Another recipe for The Sauce

The Sauce - really, I must come up with a better name. To call it by its ingredients, honey and balsamic vinegar sauce, belies just how extraordinary it is. Suggestions are welcome.

And so, although I love beets, for which I originally used The Sauce, I wanted more recipes that featured it, so I could eat it that much more often. Enter the dinner salad. Although not a vinagrette by any stretch of the imagination, The Sauce does feature vinegar mixed with another ingredient, which was the spark I needed. Arugula, naturally, because it is great in winter, has a flavor I admire without end that is a good foil for sweet things, and deals well with heat. (The Sauce likes to be warm.) Apples, too. Apples like honey, they like arugula, and I like them. Nice crisp tart-sweet apples, warmed and browned under the broiler. And to bring the two together, to make it more dinner than side, bacon. By then it wanted cheese. Blue, of course. But I didn't want the cheese in the salad, that would mess with my conception of the textures. The cheese would melt on the warm ingredients, and then would mix with the sauce instead of being draped in it. No, not in the salad. The salad had enough ingredients. Alongside, on focaccia. And since I'd have the the broiler heated up for the apples, we'd throw the focaccia with blue under it until it bubbled and browned just a tad. With the last of our case of 2004's Beaujolais Nouveau (one of my favorite years in recent history--very pleasant wine) dinner would be complete.

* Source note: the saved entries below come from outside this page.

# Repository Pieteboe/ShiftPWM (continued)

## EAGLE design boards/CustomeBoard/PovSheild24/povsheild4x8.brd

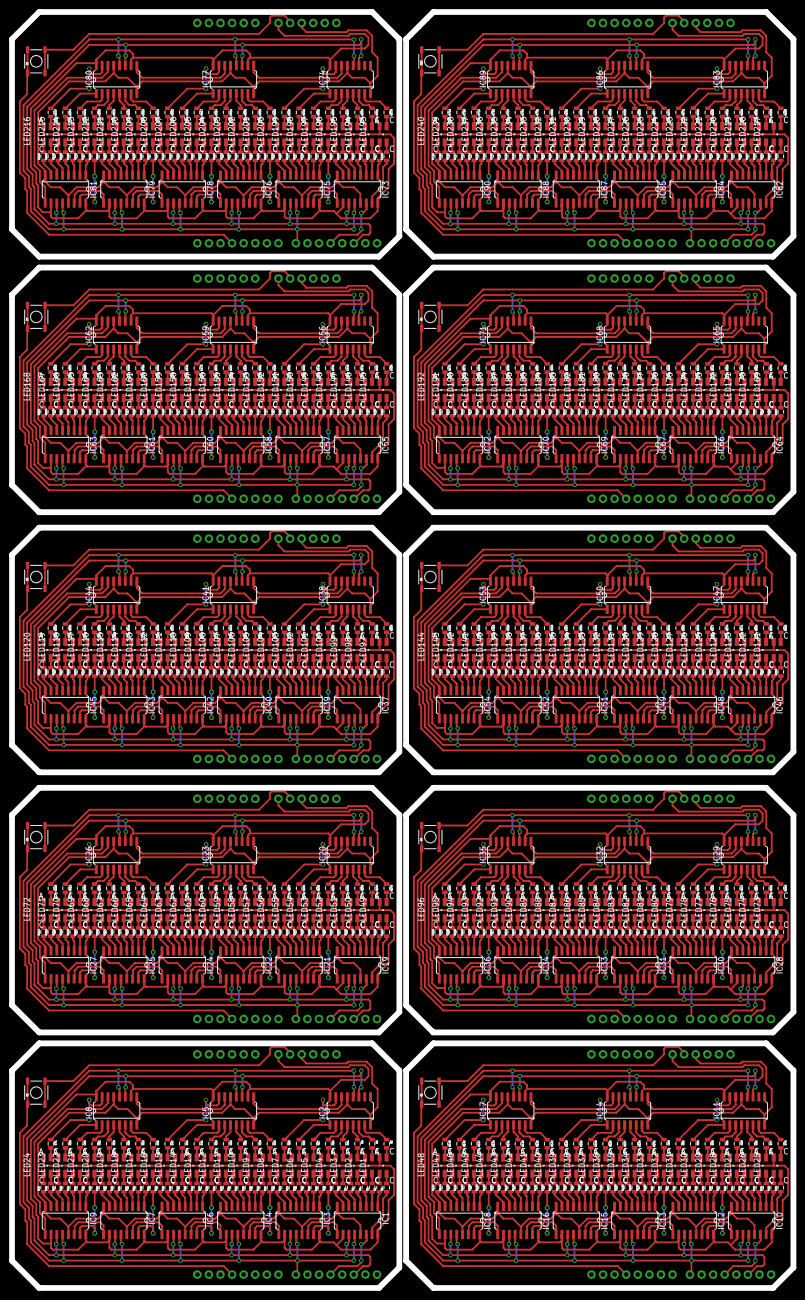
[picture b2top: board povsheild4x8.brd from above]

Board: 2 copper layers, 171.2 x 279.6 mm, 1070 parts (0 on the bottom side), 1580 nets.

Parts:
IC1, IC2, IC3, IC4, IC5, IC6, IC7, IC8, IC9, IC10, IC11, IC12, IC13, IC14, IC15, IC16, IC17, IC18, IC19, IC20, IC21, IC22, IC23, IC24, IC25, IC26, IC27, IC28, IC29, IC30, IC31, IC32, IC33, IC34, IC35, IC36, IC37, IC38, IC39, IC40, IC41, IC42, IC43, IC44, IC45, IC46, IC47, IC48, IC49, IC50, IC51, IC52, IC53, IC54, IC55, IC56, IC57, IC58, IC59, IC60, IC61, IC62, IC63, IC64, IC65, IC66, IC67, IC68, IC69, IC70, IC71, IC72, IC73, IC74, IC75, IC76, IC77, IC78, IC79, IC80, IC81, IC82, IC83, IC84, IC85, IC86, IC87, IC88, IC89, IC90: 74HC595D; SO16
LED1, LED2, LED3, LED4, LED5, LED6, LED7, LED8, LED9, LED10, LED11, LED12, LED13, LED14, LED15, LED16, LED17, LED18, LED19, LED20, LED21, LED22, LED23, LED24, LED25, LED26, LED27, LED28, LED29, LED30, LED31, LED32, LED33, LED34, LED35, LED36, LED37, LED38, LED39, LED40, LED41, LED42, LED43, LED44, LED45, LED46, LED47, LED48, LED49, LED50, LED51, LED52, LED53, LED54, LED55, LED56, LED57, LED58, LED59, LED60, LED61, LED62, LED63, LED64, LED65, LED66, LED67, LED68, LED69, LED70, LED71, LED72, LED73, LED74, LED75, LED76, LED77, LED78, LED79, LED80, LED81, LED82, LED83, LED84, LED85, LED86, LED87, LED88, LED89, LED90, LED91, LED92, LED93, LED94, LED95, LED96, LED97, LED98, LED99, LED100, LED101, LED102, LED103, LED104, LED105, LED106, LED107, LED108, LED109, LED110, LED111, LED112, LED113, LED114, LED115, LED116, LED117, LED118, LED119, LED120, LED121, LED122, LED123, LED124, LED125, LED126, LED127, LED128, LED129, LED130, LED131, LED132, LED133, LED134, LED135, LED136, LED137, LED138, LED139, LED140, LED141, LED142, LED143, LED144, LED145, LED146, LED147, LED148, LED149, LED150, LED151, LED152, LED153, LED154, LED155, LED156, LED157, LED158, LED159, LED160, LED161, LED162, LED163, LED164, LED165, LED166, LED167, LED168, LED169, LED170, LED171, LED172, LED173, LED174, LED175, LED176, LED177, LED178, LED179, LED180, LED181, LED182, LED183, LED184, LED185, LED186, LED187, LED188, LED189, LED190, LED191, LED192, LED193, LED194, LED195, LED196, LED197, LED198, LED199, LED200, LED201, LED202, LED203, LED204, LED205, LED206, LED207, LED208, LED209, LED210, LED211, LED212, LED213, LED214, LED215, LED216, LED217, LED218, LED219, LED220, LED221, LED222, LED223, LED224, LED225, LED226, LED227, LED228, LED229, LED230, LED231, LED232, LED233, LED234, LED235, LED236, LED237, LED238, LED239, LED240: P-LCC-4
R1, R2, R3, R4, R5, R6, R7, R8, R9, R10, R11, R12, R13, R14, R15, R16, R17, R18, R19, R20, R21, R22, R23, R24, R25, R26, R27, R28, R29, R30, R31, R32, R33, R34, R35, R36, R37, R38, R39, R40, R41, R42, R43, R44, R45, R46, R47, R48, R49, R50, R51, R52, R53, R54, R55, R56, R57, R58, R59, R60, R61, R62, R63, R64, R65, R66, R67, R68, R69, R70, R71, R72, R73, R74, R75, R76, R77, R78, R79, R80, R81, R82, R83, R84, R85, R86, R87, R88, R89, R90, R91, R92, R93, R94, R95, R96, R97, R98, R99, R100, R101, R102, R103, R104, R105, R106, R107, R108, R109, R110, R111, R112, R113, R114, R115, R116, R117, R118, R119, R120, R121, R122, R123, R124, R125, R126, R127, R128, R129, R130, R131, R132, R133, R134, R135, R136, R137, R138, R139, R140, R141, R142, R143, R144, R145, R146, R147, R148, R149, R150, R151, R152, R153, R154, R155, R156, R157, R158, R159, R160, R161, R162, R163, R164, R165, R166, R167, R168, R169, R170, R171, R172, R173, R174, R175, R176, R177, R178, R179, R180, R181, R182, R183, R184, R185, R186, R187, R188, R189, R190, R191, R192, R193, R194, R195, R196, R197, R198, R199, R200, R201, R202, R203, R204, R205, R206, R207, R208, R209, R210, R211, R212, R213, R214, R215, R216, R217, R218, R219, R220, R221, R222, R223, R224, R225, R226, R227, R228, R229, R230, R231, R232, R233, R234, R235, R236, R237, R238, R239, R240, R241, R242, R243, R244, R245, R246, R247, R248, R249, R250, R251, R252, R253, R254, R255, R256, R257, R258, R259, R260, R261, R262, R263, R264, R265, R266, R267, R268, R269, R270, R271, R272, R273, R274, R275, R276, R277, R278, R279, R280, R281, R282, R283, R284, R285, R286, R287, R288, R289, R290, R291, R292, R293, R294, R295, R296, R297, R298, R299, R300, R301, R302, R303, R304, R305, R306, R307, R308, R309, R310, R311, R312, R313, R314, R315, R316, R317, R318, R319, R320, R321, R322, R323, R324, R325, R326, R327, R328, R329, R330, R331, R332, R333, R334, R335, R336, R337, R338, R339, R340, R341, R342, R343, R344, R345, R346, R347, R348, R349, R350, R351, R352, R353, R354, R355, R356, R357, R358, R359, R360, R361, R362, R363, R364, R365, R366, R367, R368, R369, R370, R371, R372, R373, R374, R375, R376, R377, R378, R379, R380, R381, R382, R383, R384, R385, R386, R387, R388, R389, R390, R391, R392, R393, R394, R395, R396, R397, R398, R399, R400, R401, R402, R403, R404, R405, R406, R407, R408, R409, R410, R411, R412, R413, R414, R415, R416, R417, R418, R419, R420, R421, R422, R423, R424, R425, R426, R427, R428, R429, R430, R431, R432, R433, R434, R435, R436, R437, R438, R439, R440, R441, R442, R443, R444, R445, R446, R447, R448, R449, R450, R451, R452, R453, R454, R455, R456, R457, R458, R459, R460, R461, R462, R463, R464, R465, R466, R467, R468, R469, R470, R471, R472, R473, R474, R475, R476, R477, R478, R479, R480, R481, R482, R483, R484, R485, R486, R487, R488, R489, R490, R491, R492, R493, R494, R495, R496, R497, R498, R499, R500, R501, R502, R503, R504, R505, R506, R507, R508, R509, R510, R511, R512, R513, R514, R515, R516, R517, R518, R519, R520, R521, R522, R523, R524, R525, R526, R527, R528, R529, R530, R531, R532, R533, R534, R535, R536, R537, R538, R539, R540, R541, R542, R543, R544, R545, R546, R547, R548, R549, R550, R551, R552, R553, R554, R555, R556, R557, R558, R559, R560, R561, R562, R563, R564, R565, R566, R567, R568, R569, R570, R571, R572, R573, R574, R575, R576, R577, R578, R579, R580, R581, R582, R583, R584, R585, R586, R587, R588, R589, R590, R591, R592, R593, R594, R595, R596, R597, R598, R599, R600, R601, R602, R603, R604, R605, R606, R607, R608, R609, R610, R611, R612, R613, R614, R615, R616, R617, R618, R619, R620, R621, R622, R623, R624, R625, R626, R627, R628, R629, R630, R631, R632, R633, R634, R635, R636, R637, R638, R639, R640, R641, R642, R643, R644, R645, R646, R647, R648, R649, R650, R651, R652, R653, R654, R655, R656, R657, R658, R659, R660, R661, R662, R663, R664, R665, R666, R667, R668, R669, R670, R671, R672, R673, R674, R675, R676, R677, R678, R679, R680, R681, R682, R683, R684, R685, R686, R687, R688, R689, R690, R691, R692, R693, R694, R695, R696, R697, R698, R699, R700, R701, R702, R703, R704, R705, R706, R707, R708, R709, R710, R711, R712, R713, R714, R715, R716, R717, R718, R719, R720: 0805
S1, S2, S3, S4, S5, S6, S7, S8, S9, S10: TACTILE_SWITCH_SMD
U1, U2, U3, U4, U5, U6, U7, U8, U9, U10: ARDUINO_SHIELDNO_SILK; DUEMILANOVE_VIAS

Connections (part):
GND: IC1.8, IC1.13, IC2.8, IC2.13, IC3.8, IC3.13, IC4.8, IC4.13, IC5.8, IC5.13, IC6.8, IC6.13, IC7.8, IC7.13, IC8.8, IC8.13, IC9.8, IC9.13, S2.3, S2.4, U1.GND@0, U1.GND@1
GND1: IC10.8, IC10.13, IC11.8, IC11.13, IC12.8, IC12.13, IC13.8, IC13.13, IC14.8, IC14.13, IC15.8, IC15.13, IC16.8, IC16.13, IC17.8, IC17.13, IC18.8, IC18.13, S1.3, S1.4, U2.GND@0, U2.GND@1
GND2: IC19.8, IC19.13, IC20.8, IC20.13, IC21.8, IC21.13, IC22.8, IC22.13, IC23.8, IC23.13, IC24.8, IC24.13, IC25.8, IC25.13, IC26.8, IC26.13, IC27.8, IC27.13, S3.3, S3.4, U3.GND@0, U3.GND@1
GND3: IC28.8, IC28.13, IC29.8, IC29.13, IC30.8, IC30.13, IC31.8, IC31.13, IC32.8, IC32.13, IC33.8, IC33.13, IC34.8, IC34.13, IC35.8, IC35.13, IC36.8, IC36.13, S4.3, S4.4, U4.GND@0, U4.GND@1
GND4: IC37.8, IC37.13, IC38.8, IC38.13, IC39.8, IC39.13, IC40.8, IC40.13, IC41.8, IC41.13, IC42.8, IC42.13, IC43.8, IC43.13, IC44.8, IC44.13, IC45.8, IC45.13, S5.3, S5.4, U5.GND@0, U5.GND@1
GND5: IC46.8, IC46.13, IC47.8, IC47.13, IC48.8, IC48.13, IC49.8, IC49.13, IC50.8, IC50.13, IC51.8, IC51.13, IC52.8, IC52.13, IC53.8, IC53.13, IC54.8, IC54.13, S6.3, S6.4, U6.GND@0, U6.GND@1
GND6: IC55.8, IC55.13, IC56.8, IC56.13, IC57.8, IC57.13, IC58.8, IC58.13, IC59.8, IC59.13, IC60.8, IC60.13, IC61.8, IC61.13, IC62.8, IC62.13, IC63.8, IC63.13, S7.3, S7.4, U7.GND@0, U7.GND@1
GND7: IC64.8, IC64.13, IC65.8, IC65.13, IC66.8, IC66.13, IC67.8, IC67.13, IC68.8, IC68.13, IC69.8, IC69.13, IC70.8, IC70.13, IC71.8, IC71.13, IC72.8, IC72.13, S8.3, S8.4, U8.GND@0, U8.GND@1
GND8: IC73.8, IC73.13, IC74.8, IC74.13, IC75.8, IC75.13, IC76.8, IC76.13, IC77.8, IC77.13, IC78.8, IC78.13, IC79.8, IC79.13, IC80.8, IC80.13, IC81.8, IC81.13, S9.3, S9.4, U9.GND@0, U9.GND@1
GND9: IC82.8, IC82.13, IC83.8, IC83.13, IC84.8, IC84.13, IC85.8, IC85.13, IC86.8, IC86.13, IC87.8, IC87.13, IC88.8, IC88.13, IC89.8, IC89.13, IC90.8, IC90.13, S10.3, S10.4, U10.GND@0, U10.GND@1
LATCH: IC1.12, IC2.12, IC3.12, IC4.12, IC5.12, IC6.12, IC7.12, IC8.12, IC9.12, U1.D8
LATCH1: IC10.12, IC11.12, IC12.12, IC13.12, IC14.12, IC15.12, IC16.12, IC17.12, IC18.12, U2.D8
LATCH2: IC19.12, IC20.12, IC21.12, IC22.12, IC23.12, IC24.12, IC25.12, IC26.12, IC27.12, U3.D8
LATCH3: IC28.12, IC29.12, IC30.12, IC31.12, IC32.12, IC33.12, IC34.12, IC35.12, IC36.12, U4.D8
LATCH4: IC37.12, IC38.12, IC39.12, IC40.12, IC41.12, IC42.12, IC43.12, IC44.12, IC45.12, U5.D8
LATCH5: IC46.12, IC47.12, IC48.12, IC49.12, IC50.12, IC51.12, IC52.12, IC53.12, IC54.12, U6.D8
LATCH6: IC55.12, IC56.12, IC57.12, IC58.12, IC59.12, IC60.12, IC61.12, IC62.12, IC63.12, U7.D8
LATCH7: IC64.12, IC65.12, IC66.12, IC67.12, IC68.12, IC69.12, IC70.12, IC71.12, IC72.12, U8.D8
LATCH8: IC73.12, IC74.12, IC75.12, IC76.12, IC77.12, IC78.12, IC79.12, IC80.12, IC81.12, U9.D8
LATCH9: IC82.12, IC83.12, IC84.12, IC85.12, IC86.12, IC87.12, IC88.12, IC89.12, IC90.12, U10.D8
unnamed: IC1.15, R3.1
unnamed: IC1.1, R1.1
unnamed: IC1.2, R6.1
unnamed: IC1.3, R4.1
unnamed: IC1.4, R9.1
unnamed: IC1.5, R7.1
unnamed: IC1.6, R12.1
unnamed: IC1.7, R10.1
unnamed: LED1.C@1, R1.2
unnamed: LED1.C@3, R2.2
unnamed: LED1.C@4, R3.2
unnamed: LED2.C@1, R4.2
unnamed: LED2.C@3, R5.2
unnamed: LED2.C@4, R6.2
unnamed: LED3.C@1, R7.2
unnamed: LED3.C@3, R8.2
unnamed: LED3.C@4, R9.2
unnamed: LED4.C@1, R10.2
unnamed: IC3.15, R15.1
unnamed: IC3.1, R13.1
unnamed: LED4.C@3, R11.2
unnamed: IC3.2, R18.1
unnamed: IC3.3, R16.1
unnamed: IC3.4, R21.1
unnamed: IC3.5, R19.1
unnamed: IC3.6, R24.1
unnamed: IC3.7, R22.1
unnamed: LED4.C@4, R12.2
unnamed: LED5.C@1, R13.2
unnamed: LED5.C@3, R14.2
unnamed: LED5.C@4, R15.2
unnamed: LED6.C@1, R16.2
unnamed: LED6.C@3, R17.2
unnamed: LED6.C@4, R18.2
unnamed: IC2.15, R23.1
unnamed: IC2.1, R20.1
unnamed: LED7.C@1, R19.2
unnamed: IC2.2, R17.1
unnamed: LED7.C@3, R20.2
unnamed: IC2.3, R14.1
unnamed: LED7.C@4, R21.2
unnamed: IC2.4, R11.1
unnamed: IC2.5, R8.1
unnamed: IC2.6, R5.1
unnamed: IC2.7, R2.1
unnamed: LED8.C@1, R22.2
unnamed: LED8.C@3, R23.2
unnamed: LED8.C@4, R24.2
unnamed: IC4.15, R27.1
unnamed: IC4.1, R25.1
unnamed: IC4.2, R30.1
unnamed: IC4.3, R28.1
unnamed: IC4.4, R33.1
unnamed: IC4.5, R31.1
unnamed: IC4.6, R36.1
unnamed: IC4.7, R34.1
unnamed: LED9.C@1, R25.2
unnamed: LED9.C@3, R26.2
unnamed: LED9.C@4, R27.2
unnamed: LED10.C@1, R28.2
unnamed: LED10.C@3, R29.2
unnamed: LED10.C@4, R30.2
unnamed: LED11.C@1, R31.2
unnamed: LED11.C@3, R32.2
unnamed: LED11.C@4, R33.2
unnamed: LED12.C@1, R34.2
unnamed: IC5.15, R47.1
unnamed: IC5.1, R44.1
unnamed: LED12.C@3, R35.2
unnamed: IC5.2, R41.1
unnamed: IC5.3, R38.1
unnamed: IC5.4, R35.1
unnamed: IC5.5, R32.1
unnamed: IC5.6, R29.1
unnamed: IC5.7, R26.1
unnamed: LED12.C@4, R36.2
unnamed: LED13.C@1, R37.2
unnamed: LED13.C@3, R38.2
unnamed: LED13.C@4, R39.2
unnamed: LED14.C@1, R40.2
unnamed: LED14.C@3, R41.2
unnamed: LED14.C@4, R42.2
unnamed: IC6.15, R39.1
unnamed: IC6.1, R37.1
unnamed: LED15.C@1, R43.2
unnamed: IC6.2, R42.1
unnamed: LED15.C@3, R44.2
unnamed: IC6.3, R40.1
unnamed: LED15.C@4, R45.2
unnamed: IC6.4, R45.1
unnamed: IC6.5, R43.1
unnamed: IC6.6, R48.1
unnamed: IC6.7, R46.1
unnamed: LED16.C@1, R46.2
unnamed: LED16.C@3, R47.2
unnamed: LED16.C@4, R48.2
unnamed: LED25.C@1, R73.2
unnamed: LED25.C@3, R74.2
unnamed: LED25.C@4, R75.2
unnamed: LED26.C@1, R76.2
unnamed: LED26.C@3, R77.2
unnamed: LED26.C@4, R78.2
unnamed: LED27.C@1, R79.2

Dinner Salad of Arugula, Apples, and Bacon with Honey-Balsamic Sauce
two serious servings, with leftover bread

  • 8 oz bacon
  • 2 medium tart & crips apples, such as Cortland or Crispin
  • 1 bunch arugula (about six oz)
  • 1/2 cup best quality honey
  • 1/3 cup best quality balsamic vinegar (for notes on balsamic vinegar and honey, see the original post containing this recipe, Amarone Wine Feast. Scroll down to the bottom.)
  • Focaccia (we made ours from scratch. It wasn't worth it. Store bought is perfectly wonderful, if purchased from a decent bakery.)
  • 8 oz very creamy blue cheese (I used St. Agur from France, purchased at my favorite cheese store, C'est Cheese. It was amazingly creamy, dreamy creamy, with a good, clear blue flavor. Strong but not overpowering. Perfect for this dish.)
Prepare the bacon.* Break or cut it into large chunks and set aside. Preheat broiler. Prepare the sauce by whisking together honey and balamic vinegar over low heat. Allow to remain on the heat, whisking occasionally, while you prepare the rest of the meal. Wash and dry the arugula, tearing off the bottoms of the stems. Tear into bite-sized chunks. Wash and core apples, but do not peel. Slice them very very thinly. If you have a mandoline, even better (I do not and was fine, but once again longed for this bit of convienence.) Lay the slices out in a single layer on a sheet pan, using two and broiling in batches if neccessary. Broil the apple slices until they are lightly browed, about 5 minutes.
Prepare the focaccia: slice in half horizontally and smear the inside of the bottom thickly with blue cheese. Place under the broiler until melted and bubbly and slightly browned, about 3 minutes. Broil the top half of the focaccia until lightly toasted, put the halves back together and compress firmly. Slice into thin wedges.
Assemble the salads: layer the arugula, then the apples, then the bacon. Drizzle the warm sauce over everything and serve with many wedges of the focaccia and blue broiled sandwich.

*I like to use Alton Brown's method, which involves laying the bacon out on a rack over a sheet pan and putting it in a cold oven, then turning the oven on to 400F. 30 - 40 minutes later the bacon is done. Not greasy, not burnt. Done and done well, without mess, without having to stand over the stove and attend to it.